Code Crash Investigations

I’m quite a fan of a Canadian documentary series called Air Crash Investigations. The show re-enacts aviation incidents and the investigations that follow. Admittedly, its a little dark, but its absolutely fascinating. The debris field can be vast and there’s often very little left of the aircraft. None the less, the investigators painstakingly piece together the chain of events and sequences of errors that led to a plane falling out of the sky.

If you watch enough episodes you start to notice a pattern. It is almost never one person’s fault or one single failure that causes an incident. It is inevitabley a sequence of events that come together to form the perfect storm that brings a plane out of the sky. The recommendations that result from the investigation always outline a series of changes to be made to the checks and balances around the operation and maintenance of the aircraft. Processes are tightened to ensure that the same sequence of errors is simply no longer possible. The processes surrounding avaiation must be such that they are repeatable by numerous individuals with the same deterministic outcome. Anything less is a recipe for disaster.

What does this have to do with software you say? Well …

It’s not uncommon for large software systems to endure periods of instability as they are built out and modified to fit the ever changing landscape of the business that conceived them. When this happens, alerts and incidents are common, often dragging engineers out of bed in the wee hours to reboot the server yet again. Its unpleasant and everyone gets very grumpy very quickly, especially our end users.

Engineering teams can be susceptible to accepting the status quo that the system crashes sometimes and needs a reboot. Kubernetes even automates this process for us but, ultimately, rebooting and restarting is not a solution. It makes the symptom go away but the root cause is still there waiting to bring the house down at the least opportune moment.

What if we were to apply the same thinking as aviation investigators? Leave no stone unturned until we find the root cause of that process crash or slow performance. Once we find the issue we fix it. But we don’t stop there. We keep investigating. How was it possible the error made it into our code? How did it get all the way to production undetected? How might we have prevented that error from being made or ensure that we caught it early? We keep going until we prevent that error from ever happening again.

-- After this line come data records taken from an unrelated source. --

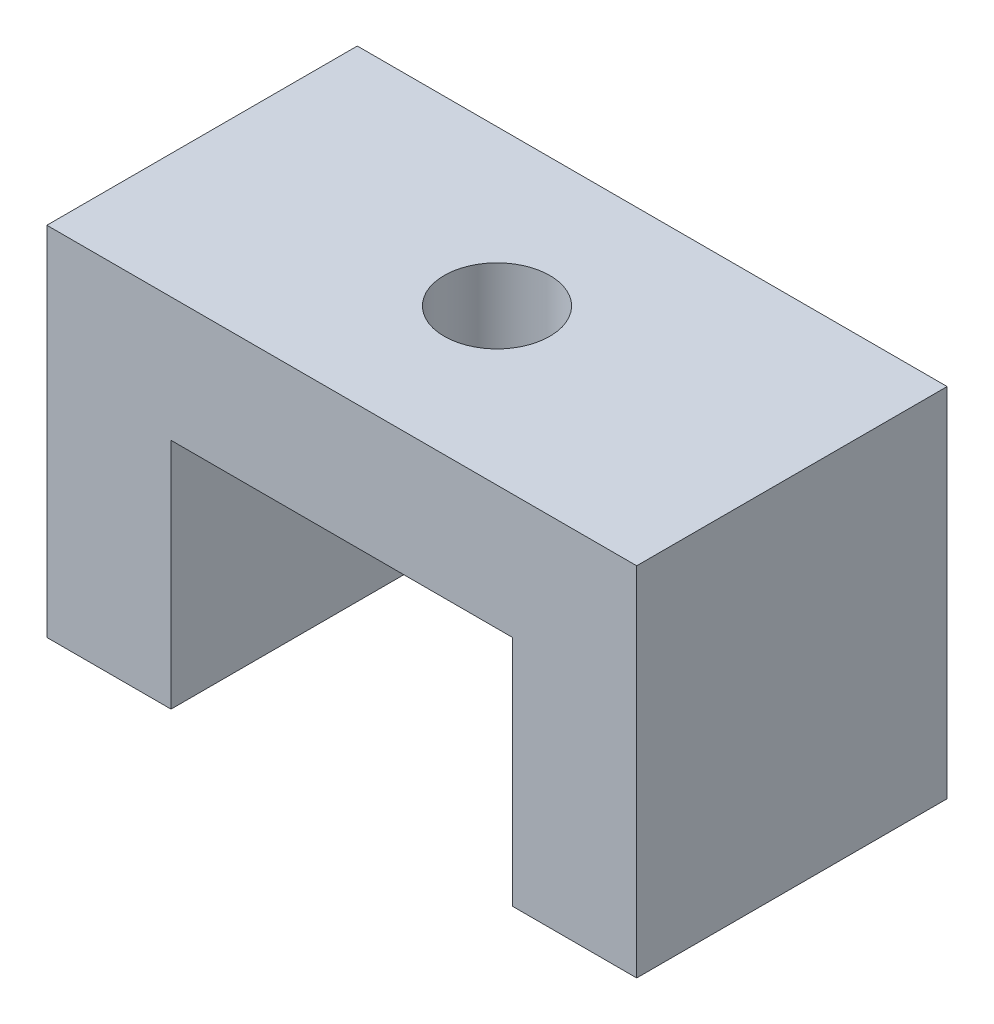
SolidWorks part; units mm, degrees
ref_plane "Plan de face" through (0, 0, 0) normal (0, 0, 1) x (1, 0, 0)
ref_plane "Plan de dessus" through (0, 0, 0) normal (0, 1, 0) x (1, 0, 0)
ref_plane "Plan de droite" through (0, 0, 0) normal (1, 0, 0) x (0, 0, -1)
sketch "Esquisse1" plane through (0, 0, 0) normal (0, 1, 0) x (1, 0, 0)
  line L0 (-19, 10) -> (-19, -10)
  line L1 (0, 0) -> (11, 0) construction
  line L2 (0, 0) -> (-11, 0) construction
  line L3 (0, 0) -> (11, 0) construction
  line L4 (-11, 0) -> (-11, 10)
  line L5 (-11, 10) -> (-19, 10)
  line L7 (-19, -10) -> (-11, -10)
  line L8 (-11, -10) -> (-11, 0)
  line L9 (11, 0) -> (11, 10)
  line L10 (11, 10) -> (19, 10)
  line L12 (19, -10) -> (11, -10)
  line L13 (11, -10) -> (11, 0)
  line L14 (19, -10) -> (19, 10)
  circle A0 centre (-15, 0) radius 2
  circle A1 centre (15, 0) radius 2
  dimension "D1" = 8
  dimension "D7" = 4
  dimension "D8" = 4
  dimension "D2" = 11
  dimension "D3" = 11
  dimension "D4" = 8
  dimension "D5" = 20
  dimension "D6" = 20
extrude "Boss.-Extru.1" add sketch "Esquisse1" along normal blind 15 contours A0 | A1 | L13 L12 L14 L10 L9 A1 | L7 L8 L4 L5 L0 A0 region at (-15, 0, -9.7846) region at (11.2154, 0, -5) region at (-15, 0, 0) region at (15, 0, 0)
sketch "Esquisse3" plane through (0, 15, 0) normal (0, 1, 0) x (1, 0, 0)
  line L0 (-19, -10) -> (19, -10)
  line L1 (19, -10) -> (19, 10)
  line L2 (19, 10) -> (19, -10) construction
  line L3 (19, 10) -> (-19, 10)
  line L4 (-19, 10) -> (-19, -10)
  dimension "D1" = 38
  dimension "D2" = 20
extrude "Boss.-Extru.2" add sketch "Esquisse3" along normal blind 8
sketch "Esquisse4" plane through (0, 23, 0) normal (0, 1, 0) x (1, 0, 0)
  circle A0 centre (0, 0) radius 3.4
  dimension "D1" = 6.8
extrude "Enlèv. mat.-Extru.1" cut sketch "Esquisse4" against normal blind 10
extrude "Enlèv. mat.-Extru.3" cut sketch "Esquisse1<3>" along normal blind 15 contours A0 | A1 region at (-15, 0, 0) region at (15, 0, 0)
sketch "Esquisse1<3>" plane through (0, 0, 0) normal (0, 1, 0) x (1, 0, 0) same geometry as "Esquisse1"

Once we start thinking this way, error rates tend to fall, incidents become a rare freak occurrence and everyone gets a peacefull night’s sleep. More importantly, our customers don’t hate us and we actually deliver on that SLA we flashed about so proudly.

The aviation industry has taken something frought with risk and made it so safe that almost no one questions boarding a plane that flies ten kilometers high at just shy of the speed of sound. This is engineering excellence and we can learn much from such an industry.